No great analytical talent is required to explain the stodge. Shell’s exercise in setting the people free was top-down. Such exercises usually are. When younger people see the power and prerogatives of the top echelon, any ideas of genuine empowerment ring hollow. This was true in both The Hague and London, where the managing directors had offices which no doubt likewise dripped with symbolic prestige. The Anglo-Dutch divide explains the dual suites and is now being blamed for its contribution to Shell’s stumbling: the executive committee, says a Wall Street critic, ‘fosters unclear lines of accountability’ and ‘acts as a deterrent to the emergence of strong leadership’.

Yet the same system, not so long ago, was praised for the way it built collective, collegiate leadership into the group, producing the many-minded consistency that made Shell, not the stodgiest, but the most dynamic and profitable of the oil majors – and a model of multi nationalism. Very often, as noted earlier, the supposed strengths of a business degenerate into inherent, pernicious weaknesses. Perceptions usually lag well behind the deterioration. In the Management Today league topped by Tesco’s Leahy, Shell actually came fifth. The magazine, writing before the reserves debacle, commented that ‘Watts, 58, has his eyes on the future’ – which for him has proved all too brief.

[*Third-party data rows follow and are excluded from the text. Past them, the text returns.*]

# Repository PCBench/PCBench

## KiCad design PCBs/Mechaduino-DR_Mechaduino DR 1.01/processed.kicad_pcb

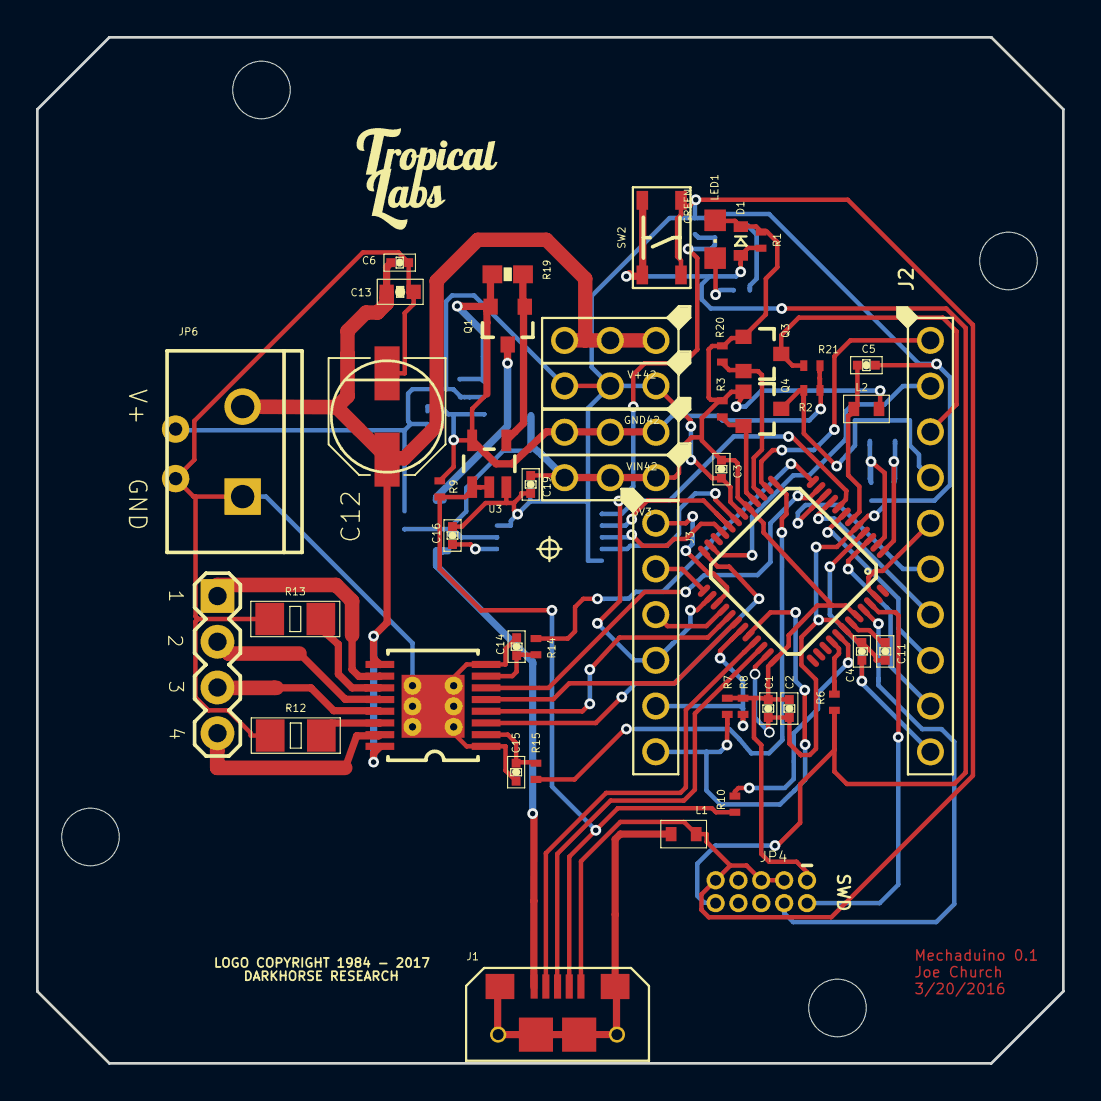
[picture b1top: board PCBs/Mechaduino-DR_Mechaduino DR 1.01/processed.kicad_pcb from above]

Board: 2 copper layers, 57.0 x 57.0 mm, 68 parts (0 on the bottom side), 60 nets.

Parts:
3V3: HEADER_01X03_2.54MM
C1, C2, C3, C4, C5, C9, C14, C15, C16, C19: 0.1uF; SWIFT_0402-CAP
C6: 0.01uF; 0402-CAP
C7, C8: 22pF; SWIFT_0402-CAP
C10: 10uF; 0805-CAP
C11, C17: 1uF; SWIFT_0402-CAP
C12: 100uF; CAPACITORS_ELECTROL_6.6X6.6
C13: 1.0uF; 0603-CAP
C18: 10.0uF; C0805
D1: DIODE_SOD-123
F1: 500mA; FUSE_SMD-PTC-1206
FRAME1: FRAME-LEDGER; CREATIVE_COMMONS
GND42: HEADER_01X03_2.54MM
HS: HS; Heat_Sink
IC1: SAMD21G18A-AUT; TQFP48-7X7
J1: USB_MICRO_RIGHT; USB_MICRO-RIGHT
J2: HEADER_01X10_2.54MM; PTH_2.54MM_01X10
J3: HEADER_01X06_2.54MM
JP4: SWD; CONNECTOR_PINHEAD-2X5-P127
JP6: CONNECTORS_M04PTH
L1: INDUCTOR_0603-TDK
L2: BLM18PG471SN1D; 0603-TDK
LED1: GREEN; CHIPLED_0805
MOTOR_POWER42: SCREWTERMINAL-5MM-2
MOT_GRAPHICS_1: WANTAI_57BYGH115-003B; MOT_GRAPHICS_1
Q1: 2.5A 30V; MOSFET_P_CHANNEL_SOT23
Q2: 2N7002PW; DISCRETE_SEMI_SOT323
Q3, Q4: BSS138; MOSFET-N_CHANNEL_SOT23-3
R1, R9, R16: 100K; R0402
R2, R3, R20, R21: 10K; R0402
R5, R6, R10: 330; R0402
R7, R8: 4.7K; R0402
R12, R13: 0.15 ohm; R1206
R14, R15: 1K; R0402
R19: 47K; 0603-RES
SH1: SHORT-HA5; SHORT_ALL-50
SW2: TACT_4.2MM
U1: AS5047D_TSSOP14
U2: ALLEGRO_A4954_TSSOP16
U3: 74AHC1G125; DIGITAL_IC_SOT23-5
U4: 3.3V_REG; SOT23-5_1
U$3: TROPICAL_LABS_LOGO_1LOGO3; LOGO3
U$5: MECHADUINO_LOGO
V+42: HEADER_01X03_2.54MM
VIN42: HEADER_01X03_2.54MM
Y1: 32,768Khz; CRYSTAL-SMD-2.0X1.2

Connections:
3.3V: 3V3.P$1, 3V3.P$2, 3V3.P$3, C1.1, C2.1, C3.1, C10.1, C17.1, C19.1, D1.K, IC1.17, IC1.36, IC1.44, JP4.1, L2.1, LED1.A, Q3.1, Q4.1, R1.1, R3.1, R7.1, R8.1, R20.1, U1.12, U4.5
/ARDUINO_A0: IC1.3, J2.P$9
/ARDUINO_A1: IC1.7, J2.P$8
/ARDUINO_A2----HEADER_SS: IC1.8, U1.1
/ARDUINO_A3: IC1.9, J2.P$7
/ARDUINO_A4: IC1.10, J2.P$6
/ARDUINO_A5: IC1.47, J2.P$5
/ARDUINO_AREF: C4.1, IC1.4, J2.P$10
/ARDUINO_D0: IC1.16, Q4.2, R3.2
/ARDUINO_D1: IC1.15, Q3.2, R20.2
/ARDUINO_D2: IC1.23, J2.P$2
/ARDUINO_D3: IC1.14, J2.P$1
/ARDUINO_D4----VREF2: IC1.13, R15.2
/ARDUINO_D5----IN3: IC1.24, U2.3
/ARDUINO_D6----IN4: IC1.29, U2.4
/ARDUINO_D7----IN2: IC1.30, U2.5
/ARDUINO_D8----IN1: IC1.11, U2.6
/ARDUINO_D9----VREF1: IC1.12, R14.2
/ARDUINO_D10_SS: IC1.27, J3.P$1
/ARDUINO_D11_MOSI: IC1.25, J3.P$2
/ARDUINO_D12_MISO: IC1.28, J3.P$3
/ARDUINO_D13_SCK: IC1.26, J3.P$4, Q2.1, R16.1
/ARDUINO_D20_SDA: IC1.31, J3.P$5, R8.2
/ARDUINO_D21_SCL: IC1.32, J3.P$6, R7.2
/HEADER_MISO: IC1.21, U1.3
/HEADER_MOSI: IC1.19, U1.4
/HEADER_SCK: IC1.20, U1.2
/HV1: J2.P$3, Q3.3, R21.2
/HV2: J2.P$4, Q4.3, R2.2
/N$1: LED1.C, R5.1
/N$2: R12.2, U2.14
/N$3: Q2.3, R5.2
/N$4: R13.2, U2.11
/N$6: C15.1, R15.1, U2.2
/N$7: J1.4, R9.2, R10.1, U3.1, U3.2
/N$13: JP6.4, U2.15
/N$14: JP6.1, U2.10
/N$15: JP6.2, U2.12
/N$16: JP6.3, U2.13
/N$27: C16.1, U1.11
/N$32: C14.1, R14.1, U2.7
/N$33: F1.2, Q1.3
/N$34: Q1.1, R19.2, U3.4
/N$36: F1.1, J1.1
/PA00_XIN32: C7.2, IC1.1, Y1.2
/PA01_XOUT32: C8.2, IC1.2, Y1.1
/PA28_USB_HOST_EN: IC1.41, R10.2
/PA30_SWCLK: IC1.45, JP4.4
/PA31_SWDIO: IC1.46, JP4.2
/RESET: D1.A, JP4.10, R1.2, R6.1, SW2.P$1, SW2.P$2
/TARGET_RESET_EDBG: IC1.40, R6.2
/TARGET_USB_N: IC1.33, J1.2
/TARGET_USB_P: IC1.34, J1.3
/VDDANA: C5.1, IC1.6, L2.2
/VDDCORE: C11.1, IC1.43
GND: C1.2, C2.2, C3.2, C4.2, C5.2, C7.1, C8.1, C9.2, C10.2, C11.2, C16.2, C17.2, C18.2, C19.2, GND42.P$1, GND42.P$2, GND42.P$3, IC1.5, IC1.18, IC1.35, IC1.42, J1.5, JP4.3, JP4.5, JP4.9, L1.2, Q2.2, R16.2, SH1.2, SW2.P$3, SW2.P$4, U1.5, U1.13, U3.3, U4.2
GND2: C6.2, C12.-, C13.2, C14.2, C15.2, HS.HS, HS.~, MOTOR_POWER42.1, R12.1, R13.1, SH1.1, U2.1, U2.8
SLD: J1.S1, J1.S2, J1.S3, J1.S4, J1.S5, J1.S6, L1.1
V+: C6.1, C12.+, C13.1, MOTOR_POWER42.2, U2.9, U2.16, V+42.P$1, V+42.P$2, V+42.P$3
VIN: C9.1, C18.1, Q1.2, R2.1, R9.1, R19.1, R21.1, U3.5, U4.1, U4.3, VIN42.P$1, VIN42.P$2, VIN42.P$3

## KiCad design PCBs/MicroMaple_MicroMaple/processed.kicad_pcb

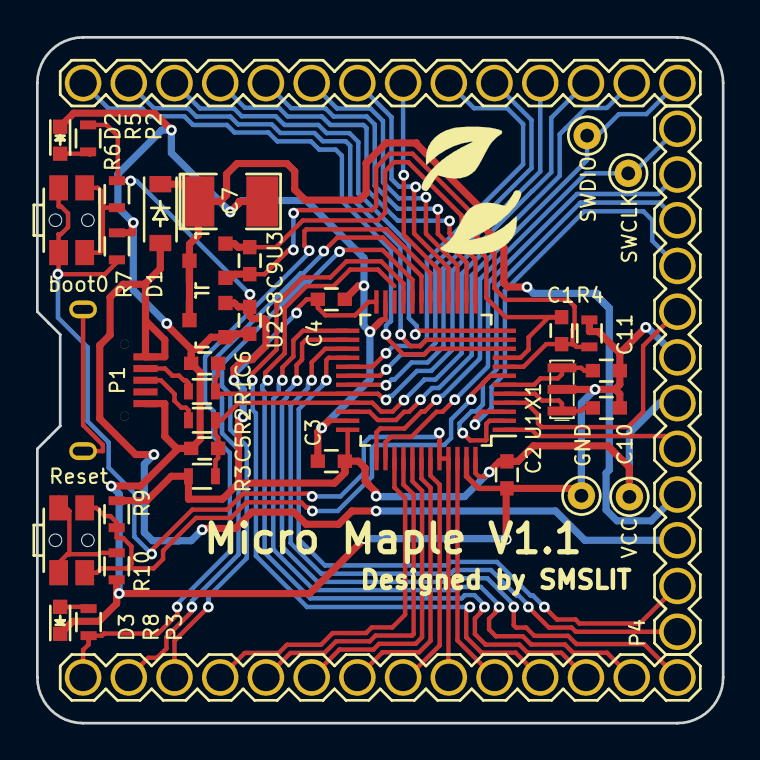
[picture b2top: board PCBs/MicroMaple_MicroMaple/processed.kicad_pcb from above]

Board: 2 copper layers, 38.1 x 38.1 mm, 38 parts (0 on the bottom side), 51 nets.

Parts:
C1, C2, C3, C4: 1uF; C_0603
C5, C6: 47pF; C_0603
C7: 100uF; SMD-1210_Pol
C8, C9: 10uF; C_0603
C10, C11: 18pF; C_0603
D1: D_Small; SOD-123
D2: PWR; LED_0603
D3: GREEN; LED_0603
P1: USB_OTG; USB_Micro-B-MK5
P2, P3: CONN_01X14; Connector_FAD_14x1
P4: CONN_01X12; Connector_FAD_12x1
P5, P6, P7, P8: CONN_01X01; Debug_Pin_1
R1, R2: 22; R_0603
R3: 1.5K; R_0603
R4: 0; R_0603
R5, R6, R8, R10: 1K; R_0603
R7, R9: 10K; R_0603
SW1: USR_BUT; SW_SPST_EVQP7C
SW2: RST_BUTTON; SW_SPST_EVQP7C
U1: STM32F103C8T6; LQFP-48_7x7mm_Pitch0.5mm
U2, U3: XC6206P332MR; SOT-23
X1: 8MHz_OSC; Resonator_3.2x1.5mm

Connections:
+5V: D1.2, P1.1, P4.10
+BATT: C7.1, D1.1, P4.9, U2.3, U3.3
/OSC_IN: C10.2, U1.5, X1.1
/OSC_OUT: C11.2, U1.6, X1.2
/PA0: P2.1, U1.10
/PA1: P2.2, U1.11
/PA2: P2.3, U1.12
/PA3: P2.4, U1.13
/PA4: P2.5, U1.14
/PA5: P2.6, U1.15
/PA6: P2.7, U1.16
/PA7: P2.8, U1.17
/PA8: P2.9, U1.29
/PA9: P2.10, U1.30
/PA10: P2.11, U1.31
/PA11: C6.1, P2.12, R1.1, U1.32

In any event, 58 is not exactly a great vantage point for tackling the future, especially with a retirement age of 60. Leahy is 47, and has already led his company for seven superbly successful years. The age factor in itself marks a critical difference in management styles. As people age, they become more set in their ways. That’s a truism. But if organisations start to behave similarly, which is encouraged by having elderly executives at the helm, they will get perilously out of touch with changing times – and times have never changed more radically or faster than today’s.


A sign of our times is that Leahy doesn’t invite junior managers to lunch in the attempt to learn the views held further down the company. Rather, he spends a week every year as a shop floor worker, tackling a different job every day. ‘I learn an enormous amount’, he told Fortune magazine, ‘because we employ 200,000people, and the vast majority do those sort of jobs. So I have to understand what it’s like to work for Tesco’. It’s a British version of the gospel preached by Masaaki Imai, super-guru of kaizen, who insists that managers seeking improvement ‘go to gemba’ – the shop floor.

Visitors to gemba, moreover, don’t make royal visits. They go to learn, and they do so with all due modesty. Leahy’s modest personal style is one very valuable protection against the Fallen Idol syndrome. Another is his insistence on keeping in close touch with the company’s roots – in its corporate nature, in the marketplace, where the customers live, and in the hearts and minds of its workers. Significantly, that would-be reforming chairman of Shell was inspired, not by what he learnt from his own people, but by an encounter with critical Wall Street analysts.

This reflected another potent cause of fallen idols. The share price has little to do with the excellence of management, yet is perceived as be-all and end-all. Buffett backed Eisner at Disney because the stock had once performed so well. But longer-term a growing gap between the value of the shares and that of the management opens a deep clay pit under the idol’s feet. Sooner or later, the organisation is going to fall right in.